- Date: May 14, 2021 –; May 26, 2021; (13 days); ;
- Location: Pacific Palisades, Los Angeles, California
- Coordinates: 34°04′45″N 118°33′32″W﻿ / ﻿34.079046°N 118.558938°W

Statistics
- Burned area: 1,202 acres (486 ha)

Impacts
- Injuries: 1 firefighter

Ignition
- Cause: Arson

Map
- Location in Southern California

= Palisades Fire (2021) =

2021 wildfire in Southern California

The Palisades Fire was a wildfire that burned in Topanga State Park, in the Pacific Palisades neighborhood of the city of Los Angeles, California on May 14, 2021. The fire burned a total of 1,202 acre and was fully contained on May 26, 2021.

== Progression ==

At around 10:00 PM PST on Friday, May 14, 2021, the Palisades Fire was first reported on the 1800 block of North Michael Lane. Throughout that night, the fire burned between 10 and 15 acres as helicopters and fire crews were quickly brought in to suppress the brush fire. The fire, which had been named the Palisades Fire due to its proximity to the Pacific Palisades neighborhood, burned in unseasonably dry chaparral that had not been burned in a significant fire within the 50 to 60 years, despite the presence of a marine layer over the area.

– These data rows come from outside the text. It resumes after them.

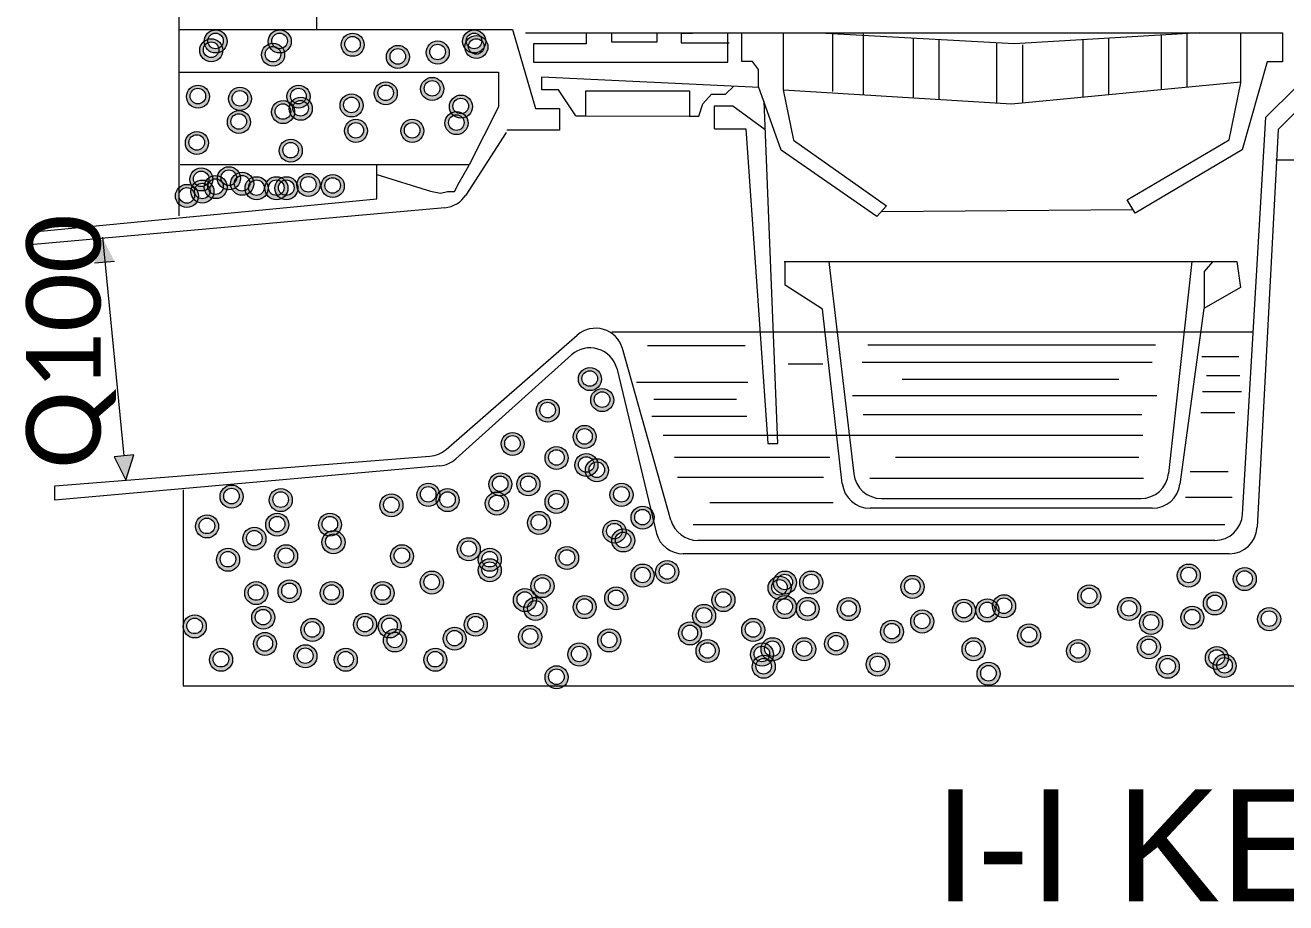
# Model space of a CAD drawing. Header units: centimetres. Extents: x 405464 to 563355, y 50011 to 66875.
# Drawn here: x 555004.8 to 555410.4, y 52092.4 to 52374.8 of the extents above; entities that cross this region are included whole.
import ezdxf

# ---------------------------------------------------------------- set-up
doc = ezdxf.new("R2010")
doc.units = ezdxf.units.CM
for name, color, linetype, lineweight in [('0-KRCN-SHT-DETAY-20', 41, 'Continuous', 20), ('0-KRCN-SHT-DETAY-YAZI', 71, 'Continuous', 35), ('0-KRCN-SHT-DETAY-ÇERÇEVE', 71, 'Continuous', 40), ('0-KRCN-Z-ANTET', 71, 'Continuous', 30)]:
    doc.layers.add(name, color=color, linetype=linetype, lineweight=lineweight)
doc.styles.add('KATMAN YAZI STİLİ', font='calibri.ttf')
doc.styles.add('M', font='arial.ttf', dxfattribs={"width": 0.8, "height": 15})

# ---------------------------------------------------------------- blocks, each defined once
blk = doc.blocks.new('G$C4C2874E9')
at = {"layer": '0-KRCN-SHT-DETAY-20'}
h = blk.add_hatch(color=256, dxfattribs=at)
edge = h.paths.add_edge_path()
edge.add_arc((223.085, -469.917), 1.855, 0, 360)
edge = h.paths.add_edge_path(flags=16)
edge.add_arc((223.063, -469.832), 1.251, 0, 360)
h = blk.add_hatch(color=256, dxfattribs=at)
edge = h.paths.add_edge_path()
edge.add_arc((233.392, -469.917), 1.855, 0, 360)
edge = h.paths.add_edge_path(flags=16)
edge.add_arc((233.37, -469.832), 1.251, 0, 360)
h = blk.add_hatch(color=256, dxfattribs=at)
edge = h.paths.add_edge_path()
edge.add_arc((264.668, -469.917), 1.855, 0, 360)
edge = h.paths.add_edge_path(flags=16)
edge.add_arc((264.646, -469.832), 1.251, 0, 360)
h = blk.add_hatch(color=256, dxfattribs=at)
edge = h.paths.add_edge_path()
edge.add_arc((222.375, -471.337), 1.855, 0, 360)
edge = h.paths.add_edge_path(flags=16)
edge.add_arc((222.352, -471.252), 1.251, 0, 360)
h = blk.add_hatch(color=256, dxfattribs=at)
edge = h.paths.add_edge_path()
edge.add_arc((232.326, -472.048), 1.855, 0, 360)
edge = h.paths.add_edge_path(flags=16)
edge.add_arc((232.304, -471.963), 1.251, 0, 360)
h = blk.add_hatch(color=256, dxfattribs=at)
edge = h.paths.add_edge_path()
edge.add_arc((245.121, -470.45), 1.855, 0, 360)
edge = h.paths.add_edge_path(flags=16)
edge.add_arc((245.098, -470.365), 1.251, 0, 360)
h = blk.add_hatch(color=256, dxfattribs=at)
edge = h.paths.add_edge_path()
edge.add_arc((258.804, -471.692), 1.855, 0, 360)
edge = h.paths.add_edge_path(flags=16)
edge.add_arc((258.782, -471.608), 1.251, 0, 360)
h = blk.add_hatch(color=256, dxfattribs=at)
edge = h.paths.add_edge_path()
edge.add_arc((265.023, -470.805), 1.855, 0, 360)
edge = h.paths.add_edge_path(flags=16)
edge.add_arc((265.001, -470.72), 1.251, 0, 360)
h = blk.add_hatch(color=256, dxfattribs=at)
edge = h.paths.add_edge_path()
edge.add_arc((252.406, -472.403), 1.855, 0, 360)
edge = h.paths.add_edge_path(flags=16)
edge.add_arc((252.384, -472.318), 1.251, 0, 360)
h = blk.add_hatch(color=256, dxfattribs=at)
edge = h.paths.add_edge_path()
edge.add_arc((250.452, -478.262), 1.855, 0, 360)
edge = h.paths.add_edge_path(flags=16)
edge.add_arc((250.429, -478.178), 1.251, 0, 360)
h = blk.add_hatch(color=256, dxfattribs=at)
edge = h.paths.add_edge_path()
edge.add_arc((257.915, -477.552), 1.855, 0, 360)
edge = h.paths.add_edge_path(flags=16)
edge.add_arc((257.893, -477.467), 1.251, 0, 360)
h = blk.add_hatch(color=256, dxfattribs=at)
edge = h.paths.add_edge_path()
edge.add_arc((220.242, -478.795), 1.855, 0, 360)
edge = h.paths.add_edge_path(flags=16)
edge.add_arc((220.22, -478.71), 1.251, 0, 360)
h = blk.add_hatch(color=256, dxfattribs=at)
edge = h.paths.add_edge_path()
edge.add_arc((226.995, -479.15), 1.855, 0, 360)
edge = h.paths.add_edge_path(flags=16)
edge.add_arc((226.973, -479.065), 1.251, 0, 360)
h = blk.add_hatch(color=256, dxfattribs=at)
edge = h.paths.add_edge_path()
edge.add_arc((236.413, -478.795), 1.855, 0, 360)
edge = h.paths.add_edge_path(flags=16)
edge.add_arc((236.391, -478.71), 1.251, 0, 360)
h = blk.add_hatch(color=256, dxfattribs=at)
edge = h.paths.add_edge_path()
edge.add_arc((244.943, -480.216), 1.855, 0, 360)
edge = h.paths.add_edge_path(flags=16)
edge.add_arc((244.921, -480.131), 1.251, 0, 360)
h = blk.add_hatch(color=256, dxfattribs=at)
edge = h.paths.add_edge_path()
edge.add_arc((262.536, -480.393), 1.855, 0, 360)
edge = h.paths.add_edge_path(flags=16)
edge.add_arc((262.513, -480.308), 1.251, 0, 360)
h = blk.add_hatch(color=256, dxfattribs=at)
edge = h.paths.add_edge_path()
edge.add_arc((233.925, -481.281), 1.855, 0, 360)
edge = h.paths.add_edge_path(flags=16)
edge.add_arc((233.903, -481.196), 1.251, 0, 360)
h = blk.add_hatch(color=256, dxfattribs=at)
edge = h.paths.add_edge_path()
edge.add_arc((236.769, -480.748), 1.855, 0, 360)
edge = h.paths.add_edge_path(flags=16)
edge.add_arc((236.746, -480.664), 1.251, 0, 360)
h = blk.add_hatch(color=256, dxfattribs=at)
edge = h.paths.add_edge_path()
edge.add_arc((226.817, -482.879), 1.855, 0, 360)
edge = h.paths.add_edge_path(flags=16)
edge.add_arc((226.795, -482.794), 1.251, 0, 360)
h = blk.add_hatch(color=256, dxfattribs=at)
edge = h.paths.add_edge_path()
edge.add_arc((245.654, -484.3), 1.855, 0, 360)
edge = h.paths.add_edge_path(flags=16)
edge.add_arc((245.631, -484.215), 1.251, 0, 360)
h = blk.add_hatch(color=256, dxfattribs=at)
edge = h.paths.add_edge_path()
edge.add_arc((254.717, -484.3), 1.855, 0, 360)
edge = h.paths.add_edge_path(flags=16)
edge.add_arc((254.694, -484.215), 1.251, 0, 360)
h = blk.add_hatch(color=256, dxfattribs=at)
edge = h.paths.add_edge_path()
edge.add_arc((261.825, -483.057), 1.855, 0, 360)
edge = h.paths.add_edge_path(flags=16)
edge.add_arc((261.802, -482.972), 1.251, 0, 360)
h = blk.add_hatch(color=256, dxfattribs=at)
edge = h.paths.add_edge_path()
edge.add_arc((220.064, -486.253), 1.855, 0, 360)
edge = h.paths.add_edge_path(flags=16)
edge.add_arc((220.042, -486.168), 1.251, 0, 360)
h = blk.add_hatch(color=256, dxfattribs=at)
edge = h.paths.add_edge_path()
edge.add_arc((235.169, -487.496), 1.855, 0, 360)
edge = h.paths.add_edge_path(flags=16)
edge.add_arc((235.147, -487.411), 1.251, 0, 360)
h = blk.add_hatch(color=256, dxfattribs=at)
edge = h.paths.add_edge_path()
edge.add_arc((220.775, -492.113), 1.855, 0, 360)
edge = h.paths.add_edge_path(flags=16)
edge.add_arc((220.753, -492.028), 1.251, 0, 360)
h = blk.add_hatch(color=256, dxfattribs=at)
edge = h.paths.add_edge_path()
edge.add_arc((225.218, -491.935), 1.855, 0, 360)
edge = h.paths.add_edge_path(flags=16)
edge.add_arc((225.196, -491.85), 1.251, 0, 360)
h = blk.add_hatch(color=256, dxfattribs=at)
edge = h.paths.add_edge_path()
edge.add_arc((220.953, -494.066), 1.855, 0, 360)
edge = h.paths.add_edge_path(flags=16)
edge.add_arc((220.931, -493.981), 1.251, 0, 360)
h = blk.add_hatch(color=256, dxfattribs=at)
edge = h.paths.add_edge_path()
edge.add_arc((223.085, -493.356), 1.855, 0, 360)
edge = h.paths.add_edge_path(flags=16)
edge.add_arc((223.063, -493.271), 1.251, 0, 360)
h = blk.add_hatch(color=256, dxfattribs=at)
edge = h.paths.add_edge_path()
edge.add_arc((227.35, -492.823), 1.855, 0, 360)
edge = h.paths.add_edge_path(flags=16)
edge.add_arc((227.328, -492.738), 1.251, 0, 360)
h = blk.add_hatch(color=256, dxfattribs=at)
edge = h.paths.add_edge_path()
edge.add_arc((229.66, -493.533), 1.855, 0, 360)
edge = h.paths.add_edge_path(flags=16)
edge.add_arc((229.638, -493.448), 1.251, 0, 360)
h = blk.add_hatch(color=256, dxfattribs=at)
edge = h.paths.add_edge_path()
edge.add_arc((232.859, -493.533), 1.855, 0, 360)
edge = h.paths.add_edge_path(flags=16)
edge.add_arc((232.837, -493.448), 1.251, 0, 360)
h = blk.add_hatch(color=256, dxfattribs=at)
edge = h.paths.add_edge_path()
edge.add_arc((234.458, -493.533), 1.855, 0, 360)
edge = h.paths.add_edge_path(flags=16)
edge.add_arc((234.436, -493.448), 1.251, 0, 360)
h = blk.add_hatch(color=256, dxfattribs=at)
edge = h.paths.add_edge_path()
edge.add_arc((238.013, -493), 1.855, 0, 360)
edge = h.paths.add_edge_path(flags=16)
edge.add_arc((237.99, -492.916), 1.251, 0, 360)
h = blk.add_hatch(color=256, dxfattribs=at)
edge = h.paths.add_edge_path()
edge.add_arc((241.922, -493.178), 1.855, 0, 360)
edge = h.paths.add_edge_path(flags=16)
edge.add_arc((241.9, -493.093), 1.251, 0, 360)
h = blk.add_hatch(color=256, dxfattribs=at)
edge = h.paths.add_edge_path()
edge.add_arc((218.465, -494.776), 1.855, 0, 360)
edge = h.paths.add_edge_path(flags=16)
edge.add_arc((218.443, -494.691), 1.251, 0, 360)
for points in [[(203.604, -505.552), (206.789, -505.258), (204.861, -501.494)], [(206.729, -536.744), (208.657, -540.508), (209.914, -536.449)]]:
    blk.add_hatch(color=256, dxfattribs=at).paths.add_polyline_path(points)
h = blk.add_hatch(color=256, dxfattribs=at)
edge = h.paths.add_edge_path()
edge.add_arc((283.288, -524.243), 1.855, 0, 360)
edge = h.paths.add_edge_path(flags=16)
edge.add_arc((283.265, -524.158), 1.251, 0, 360)
h = blk.add_hatch(color=256, dxfattribs=at)
edge = h.paths.add_edge_path()
edge.add_arc((285.265, -527.631), 1.855, 0, 360)
edge = h.paths.add_edge_path(flags=16)
edge.add_arc((285.243, -527.546), 1.251, 0, 360)
h = blk.add_hatch(color=256, dxfattribs=at)
edge = h.paths.add_edge_path()
edge.add_arc((276.507, -529.325), 1.855, 0, 360)
edge = h.paths.add_edge_path(flags=16)
edge.add_arc((276.485, -529.24), 1.251, 0, 360)
h = blk.add_hatch(color=256, dxfattribs=at)
edge = h.paths.add_edge_path()
edge.add_arc((270.856, -534.689), 1.855, 0, 360)
edge = h.paths.add_edge_path(flags=16)
edge.add_arc((270.834, -534.604), 1.251, 0, 360)
h = blk.add_hatch(color=256, dxfattribs=at)
edge = h.paths.add_edge_path()
edge.add_arc((282.44, -533.56), 1.855, 0, 360)
edge = h.paths.add_edge_path(flags=16)
edge.add_arc((282.418, -533.475), 1.251, 0, 360)
h = blk.add_hatch(color=256, dxfattribs=at)
edge = h.paths.add_edge_path()
edge.add_arc((277.92, -536.947), 1.855, 0, 360)
edge = h.paths.add_edge_path(flags=16)
edge.add_arc((277.897, -536.862), 1.251, 0, 360)
h = blk.add_hatch(color=256, dxfattribs=at)
edge = h.paths.add_edge_path()
edge.add_arc((282.723, -538.077), 1.855, 0, 360)
edge = h.paths.add_edge_path(flags=16)
edge.add_arc((282.7, -537.992), 1.251, 0, 360)
h = blk.add_hatch(color=256, dxfattribs=at)
edge = h.paths.add_edge_path()
edge.add_arc((284.418, -538.924), 1.855, 0, 360)
edge = h.paths.add_edge_path(flags=16)
edge.add_arc((284.396, -538.839), 1.251, 0, 360)
h = blk.add_hatch(color=256, dxfattribs=at)
edge = h.paths.add_edge_path()
edge.add_arc((268.878, -541.182), 1.855, 0, 360)
edge = h.paths.add_edge_path(flags=16)
edge.add_arc((268.856, -541.097), 1.251, 0, 360)
h = blk.add_hatch(color=256, dxfattribs=at)
edge = h.paths.add_edge_path()
edge.add_arc((273.399, -541.182), 1.855, 0, 360)
edge = h.paths.add_edge_path(flags=16)
edge.add_arc((273.377, -541.097), 1.251, 0, 360)
h = blk.add_hatch(color=256, dxfattribs=at)
edge = h.paths.add_edge_path()
edge.add_arc((225.65, -543.158), 1.855, 0, 360)
edge = h.paths.add_edge_path(flags=16)
edge.add_arc((225.628, -543.074), 1.251, 0, 360)
h = blk.add_hatch(color=256, dxfattribs=at)
edge = h.paths.add_edge_path()
edge.add_arc((257.294, -542.876), 1.855, 0, 360)
edge = h.paths.add_edge_path(flags=16)
edge.add_arc((257.272, -542.791), 1.251, 0, 360)
h = blk.add_hatch(color=256, dxfattribs=at)
edge = h.paths.add_edge_path()
edge.add_arc((288.373, -542.876), 1.855, 0, 360)
edge = h.paths.add_edge_path(flags=16)
edge.add_arc((288.351, -542.791), 1.251, 0, 360)
h = blk.add_hatch(color=256, dxfattribs=at)
edge = h.paths.add_edge_path()
edge.add_arc((233.561, -543.723), 1.855, 0, 360)
edge = h.paths.add_edge_path(flags=16)
edge.add_arc((233.539, -543.638), 1.251, 0, 360)
h = blk.add_hatch(color=256, dxfattribs=at)
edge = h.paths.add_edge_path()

Early in the afternoon of Saturday, May 15, after some containment was established, a spot fire was observed expanding far outside the area of the original fire footprint. This spot fire soon became the main body of the fire, expanding in multiple directions into a conflagration of more than 100 acres . By the evening of the 15th, the fire was approximately 750 acres, and containment dropped to 0%. Mandatory evacuation orders were put in place for approximately 1,000 residents east of Topanga Canyon Boulevard, between the Community House and View Ridge Road, as well as north of Entrada, south of Oakwood Drive and east of Henry Ridge Motorway.

By the night of Sunday, May 16, the fire was estimated to have burned about 1,325 acres. On the morning of Monday, May 17, the area of the fire was reassessed at 1,158 acres due to more accurate mapping of the fire perimeter. Several hillside residential areas in Topanga Canyon were evacuated, and Topanga Canyon Boulevard was shut down. Over the course of the day, containment grew to 23%. At 6:00 PM PDT on May 17, all evacuations were lifted.

The Palisades Fire was 100% contained by 6:00 PM on Monday, May 26, 2021.

=== Cause ===
The cause of the fire is believed to be arson, and one suspect was detained, but later released. The main suspect was later identified as 48-year-old man Ramon Santos Rodriguez.

== Failed Citizen app manhunt ==

Early in the initial investigation as to the cause of the fire—while efforts to contain the still active blaze were underway—it was quickly ruled by investigators that the fire had likely been intentionally set. Within hours of this, the privately owned app Citizen, which is a mobile app that sends users location-based safety alerts in real time, sent out notifications to 860,000 Los Angeles users that included a photograph of a man, along with unsubstantiated claims that the man in question was the potential arsonist who caused the Palisades Fire. Citizen also offered a reward of $30,000 to anyone who could provide information leading to an arrest. Soon after, the misinformed campaign to find the purported suspect spread online and many tips were brought forth to LAPD investigators. The man was identified as Devin Hilton and was obtained for questioning by investigators, but he was soon ruled out as the suspected arsonist due to a substantial lack of evidence connecting him to the fire.

Comedian and media figure Kathy Griffin condemned the motion from Citizen, tweeting "OK, I’ve turned against the Citizen app. The hosts are offering a $30K reward for completely unsubstantiated evidence regarding a homeless guy who they think started the (fire). Now people are trying to hunt him down. No proof it was even arson much less this guy. Gross." The company later admitted to the mistake stating, "We publicly posted the photo and offered a cash reward for information without formal coordination with the appropriate agencies. Once we realized this error, we immediately retracted the photo and reward offer. We are actively working to improve our internal processes to ensure this does not occur again. This was a mistake we are taking very seriously."